*What you need to do*. If a line in the entries below includes "import", show that line.

*Information supplied*.
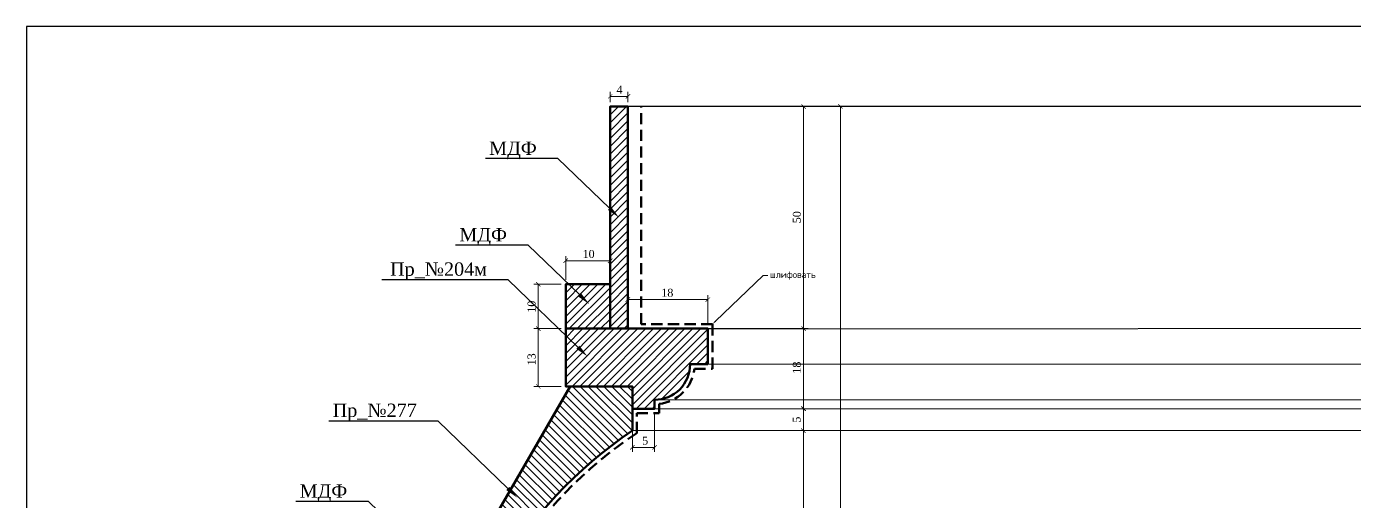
# Model space of a CAD drawing. Header units: millimetres. Extents: x 309321 to 309771, y -92212 to -91910.
# Drawn here: x 309321.2 to 309620, y -92018.5 to -91911.6 of the extents above; entities that cross this region are included whole.
import ezdxf
from ezdxf import colors
from ezdxf.entities.mleader import LeaderData, LeaderLine
from ezdxf.math import Vec2, Vec3

# ---------------------------------------------------------------- set-up
doc = ezdxf.new("R2010")
doc.units = ezdxf.units.MM
doc.header["$MEASUREMENT"] = 0
doc.linetypes.add('HIDDEN', pattern=[0.375, 0.25, -0.125])
doc.layers.add('Outside panel', color=7, linetype='Continuous', lineweight=18, true_color=0x7f5e57)
for name, color, linetype, lineweight in [('линия 15', 7, 'Continuous', 15), ('линия 50', 1, 'Continuous', 140), ('служебный слой РАЗМЕРЫ', 7, 'Continuous', 9)]:
    doc.layers.add(name, color=color, linetype=linetype, lineweight=lineweight)
doc.layers.add('размеры в модели', color=7, linetype='Continuous')
doc.styles.get("Standard").update_dxf_attribs({"font": 'times.ttf'})
doc.styles.add('ЕСКД профили текст', font='isocpeur.ttf')
doc.dimstyles.new('M_1', dxfattribs={"dimtxt": 1.8, "dimasz": 1, "dimexe": 1, "dimexo": 1, "dimgap": 0.6, "dimtad": 1, "dimdec": 0, "dimdsep": 46, "dimtxsty": 'Standard', "dimblk": 'ARCHTICK', "dimcen": -5, "dimclrd": 7, "dimclre": 7, "dimclrt": 7, "dimadec": 0, "dimazin": 0, "dimtfac": 1, "dimtdec": 0, "dimtmove": 0, "dimatfit": 3, "dimfxl": 1, "dimtolj": 1, "dimtzin": 0, "dimlwd": 5, "dimlwe": 5, "dimarcsym": 0})
pattern_1 = [(45, (114.0276, 2063.7564), (-0.8838834765, 0.8838834765), [])]

# ---------------------------------------------------------------- blocks, each defined once
blk = doc.blocks.new('_ArchTick')
at = {"color": 0, "linetype": 'ByBlock', "const_width": 0.15}
blk.add_lwpolyline([(-0.5, -0.5), (0.5, 0.5)], dxfattribs=at)
blk = doc.blocks.new('*D28')
at = {"color": 7, "lineweight": 5, "ltscale": 1000, "transparency": 16777216}
for p, q in [((309668.07, -91988.6), (309668.07, -92189.45)), ((309589.37, -92186.44), (309589.37, -92189.45)), ((309589.37, -92188.45), (309668.07, -92188.45))]:
    blk.add_line(p, q, dxfattribs=at)
at = {"layer": 'Defpoints', "color": 0, "ltscale": 1000, "transparency": 16777216}
for p in [(309668.07, -91987.6), (309589.37, -92185.44), (309668.07, -92188.45)]:
    blk.add_point(p, dxfattribs=at)
at = {"color": 7, "lineweight": 5, "ltscale": 1000, "transparency": 16777216, "rotation": 180}
blk.add_blockref('_ArchTick', (309589.37, -92188.45), dxfattribs=at)
at = {"color": 7, "lineweight": 5, "ltscale": 1000, "transparency": 16777216}
blk.add_blockref('_ArchTick', (309668.07, -92188.45), dxfattribs=at)
at = {"color": 7, "ltscale": 1000, "transparency": 16777216, "insert": (309627.55, -92186.93), "char_height": 1.8, "attachment_point": 5}
blk.add_mtext('\\A1;79', dxfattribs=at)
blk = doc.blocks.new('*D26')
at = {"color": 7, "lineweight": 5, "ltscale": 1000, "transparency": 16777216}
for p, q in [((309653.07, -91929.58), (309677.02, -91929.58)), ((309676.02, -91929.58), (309676.02, -92185.44)), ((309590.37, -92185.44), (309677.02, -92185.44))]:
    blk.add_line(p, q, dxfattribs=at)
at = {"layer": 'Defpoints', "color": 0, "ltscale": 1000, "transparency": 16777216}
for p in [(309652.07, -91929.58), (309589.37, -92185.44), (309676.02, -92185.44)]:
    blk.add_point(p, dxfattribs=at)
at = {"color": 7, "lineweight": 5, "ltscale": 1000, "transparency": 16777216}
for p, rotation in [((309676.02, -91929.58), 90), ((309676.02, -92185.44), 270)]:
    blk.add_blockref('_ArchTick', p, dxfattribs=dict(at, rotation=rotation))
at = {"color": 7, "ltscale": 1000, "transparency": 16777216, "insert": (309674.5, -92073.68), "char_height": 1.8, "attachment_point": 5, "rotation": 90}
blk.add_mtext('\\A1;256', dxfattribs=at)
blk = doc.blocks.new('*D25')
at = {"layer": 'Defpoints', "color": 0, "ltscale": 1000, "transparency": 16777216}
for p in [(309456.5, -91929.57), (309395.8, -92185.44), (309504.3, -92185.44)]:
    blk.add_point(p, dxfattribs=at)
at = {"layer": 'линия 15', "color": 7, "lineweight": 5, "ltscale": 1000, "transparency": 16777216}
for p, q in [((309457.5, -91929.57), (309505.3, -91929.57)), ((309504.3, -91929.57), (309504.3, -92185.44)), ((309396.8, -92185.44), (309505.3, -92185.44))]:
    blk.add_line(p, q, dxfattribs=at)
for p, rotation in [((309504.3, -91929.57), 90), ((309504.3, -92185.44), 270)]:
    blk.add_blockref('_ArchTick', p, dxfattribs=dict(at, rotation=rotation))
at = {"layer": 'линия 15', "color": 7, "ltscale": 1000, "transparency": 16777216, "insert": (309502.79, -92081.45), "char_height": 1.8, "attachment_point": 5, "rotation": 90}
blk.add_mtext('\\A1;256', dxfattribs=at)
blk = doc.blocks.new('*D18')
at = {"layer": 'Defpoints', "color": 0, "ltscale": 1000, "transparency": 16777216}
for p in [(309457.5, -91997.6), (309462.5, -91997.6), (309462.5, -92006.32)]:
    blk.add_point(p, dxfattribs=at)
at = {"layer": 'размеры в модели', "color": 7, "lineweight": 5, "ltscale": 1000, "transparency": 16777216}
for p, q in [((309457.5, -91998.6), (309457.5, -92007.32)), ((309462.5, -91998.6), (309462.5, -92007.32)), ((309457.5, -92006.32), (309462.5, -92006.32))]:
    blk.add_line(p, q, dxfattribs=at)
at = {"layer": 'размеры в модели', "color": 7, "lineweight": 5, "ltscale": 1000, "transparency": 16777216, "rotation": 180}
blk.add_blockref('_ArchTick', (309457.5, -92006.32), dxfattribs=at)
at = {"layer": 'размеры в модели', "color": 7, "lineweight": 5, "ltscale": 1000, "transparency": 16777216}
blk.add_blockref('_ArchTick', (309462.5, -92006.32), dxfattribs=at)
at = {"layer": 'размеры в модели', "color": 7, "ltscale": 1000, "transparency": 16777216, "insert": (309460.38, -92004.8), "char_height": 1.8, "attachment_point": 5}
blk.add_mtext('\\A1;5', dxfattribs=at)
blk = doc.blocks.new('*D17')
at = {"layer": 'Defpoints', "color": 0, "ltscale": 1000, "transparency": 16777216}
for p in [(309474.5, -91973.03), (309456.5, -91979.58), (309474.5, -91979.58)]:
    blk.add_point(p, dxfattribs=at)
at = {"layer": 'размеры в модели', "color": 7, "lineweight": 5, "ltscale": 1000, "transparency": 16777216}
for p, q in [((309456.5, -91978.58), (309456.5, -91972.03)), ((309456.5, -91973.03), (309474.5, -91973.03)), ((309474.5, -91978.58), (309474.5, -91972.03))]:
    blk.add_line(p, q, dxfattribs=at)
at = {"layer": 'размеры в модели', "color": 7, "lineweight": 5, "ltscale": 1000, "transparency": 16777216, "rotation": 180}
blk.add_blockref('_ArchTick', (309456.5, -91973.03), dxfattribs=at)
at = {"layer": 'размеры в модели', "color": 7, "lineweight": 5, "ltscale": 1000, "transparency": 16777216}
blk.add_blockref('_ArchTick', (309474.5, -91973.03), dxfattribs=at)
at = {"layer": 'размеры в модели', "color": 7, "ltscale": 1000, "transparency": 16777216, "insert": (309465.36, -91971.51), "char_height": 1.8, "attachment_point": 5}
blk.add_mtext('\\A1;18', dxfattribs=at)
blk = doc.blocks.new('*D16')
at = {"layer": 'Defpoints', "color": 0, "ltscale": 1000, "transparency": 16777216}
for p in [(309442.5, -91979.58), (309436.33, -91992.6), (309442.5, -91992.6)]:
    blk.add_point(p, dxfattribs=at)
at = {"layer": 'размеры в модели', "color": 7, "lineweight": 5, "ltscale": 1000, "transparency": 16777216}
for p, q in [((309441.5, -91979.58), (309435.33, -91979.58)), ((309436.33, -91979.58), (309436.33, -91992.6)), ((309441.5, -91992.6), (309435.33, -91992.6))]:
    blk.add_line(p, q, dxfattribs=at)
for p, rotation in [((309436.33, -91979.58), 90), ((309436.33, -91992.6), 270)]:
    blk.add_blockref('_ArchTick', p, dxfattribs=dict(at, rotation=rotation))
at = {"layer": 'размеры в модели', "color": 7, "ltscale": 1000, "transparency": 16777216, "insert": (309434.82, -91986.49), "char_height": 1.8, "attachment_point": 5, "rotation": 90}
blk.add_mtext('\\A1;13', dxfattribs=at)
blk = doc.blocks.new('*D15')
at = {"layer": 'Defpoints', "color": 0, "ltscale": 1000, "transparency": 16777216}
for p in [(309442.5, -91969.58), (309436.33, -91979.58), (309442.5, -91979.58)]:
    blk.add_point(p, dxfattribs=at)
at = {"layer": 'размеры в модели', "color": 7, "lineweight": 5, "ltscale": 1000, "transparency": 16777216}
for p, q in [((309441.5, -91969.58), (309435.33, -91969.58)), ((309436.33, -91969.58), (309436.33, -91979.58)), ((309441.5, -91979.58), (309435.33, -91979.58))]:
    blk.add_line(p, q, dxfattribs=at)
for p, rotation in [((309436.33, -91969.58), 90), ((309436.33, -91979.58), 270)]:
    blk.add_blockref('_ArchTick', p, dxfattribs=dict(at, rotation=rotation))
at = {"layer": 'размеры в модели', "color": 7, "ltscale": 1000, "transparency": 16777216, "insert": (309434.82, -91974.64), "char_height": 1.8, "attachment_point": 5, "rotation": 90}
blk.add_mtext('\\A1;10', dxfattribs=at)
blk = doc.blocks.new('*D14')
at = {"layer": 'Defpoints', "color": 0, "ltscale": 1000, "transparency": 16777216}
for p in [(309452.5, -91964.3), (309442.5, -91969.58), (309452.5, -91969.48)]:
    blk.add_point(p, dxfattribs=at)
at = {"layer": 'размеры в модели', "color": 7, "lineweight": 5, "ltscale": 1000, "transparency": 16777216}
for p, q in [((309442.5, -91968.58), (309442.5, -91963.3)), ((309442.5, -91964.3), (309452.5, -91964.3)), ((309452.5, -91968.48), (309452.5, -91963.3))]:
    blk.add_line(p, q, dxfattribs=at)
at = {"layer": 'размеры в модели', "color": 7, "lineweight": 5, "ltscale": 1000, "transparency": 16777216, "rotation": 180}
blk.add_blockref('_ArchTick', (309442.5, -91964.3), dxfattribs=at)
at = {"layer": 'размеры в модели', "color": 7, "lineweight": 5, "ltscale": 1000, "transparency": 16777216}
blk.add_blockref('_ArchTick', (309452.5, -91964.3), dxfattribs=at)
at = {"layer": 'размеры в модели', "color": 7, "ltscale": 1000, "transparency": 16777216, "insert": (309447.65, -91962.78), "char_height": 1.8, "attachment_point": 5}
blk.add_mtext('\\A1;10', dxfattribs=at)
blk = doc.blocks.new('*D13')
at = {"layer": 'Defpoints', "color": 0, "ltscale": 1000, "transparency": 16777216}
for p in [(309456.5, -91927.29), (309452.5, -91929.58), (309456.5, -91929.58)]:
    blk.add_point(p, dxfattribs=at)
at = {"layer": 'размеры в модели', "color": 7, "lineweight": 5, "ltscale": 1000, "transparency": 16777216}
for p, q in [((309452.5, -91928.58), (309452.5, -91926.29)), ((309456.5, -91928.58), (309456.5, -91926.29)), ((309452.5, -91927.29), (309456.5, -91927.29))]:
    blk.add_line(p, q, dxfattribs=at)
at = {"layer": 'размеры в модели', "color": 7, "lineweight": 5, "ltscale": 1000, "transparency": 16777216, "rotation": 180}
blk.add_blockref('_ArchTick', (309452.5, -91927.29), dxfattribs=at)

*Result*.
import ezdxf
from ezdxf import colors
from ezdxf.entities.mleader import LeaderData, LeaderLine
from ezdxf.math import Vec2, Vec3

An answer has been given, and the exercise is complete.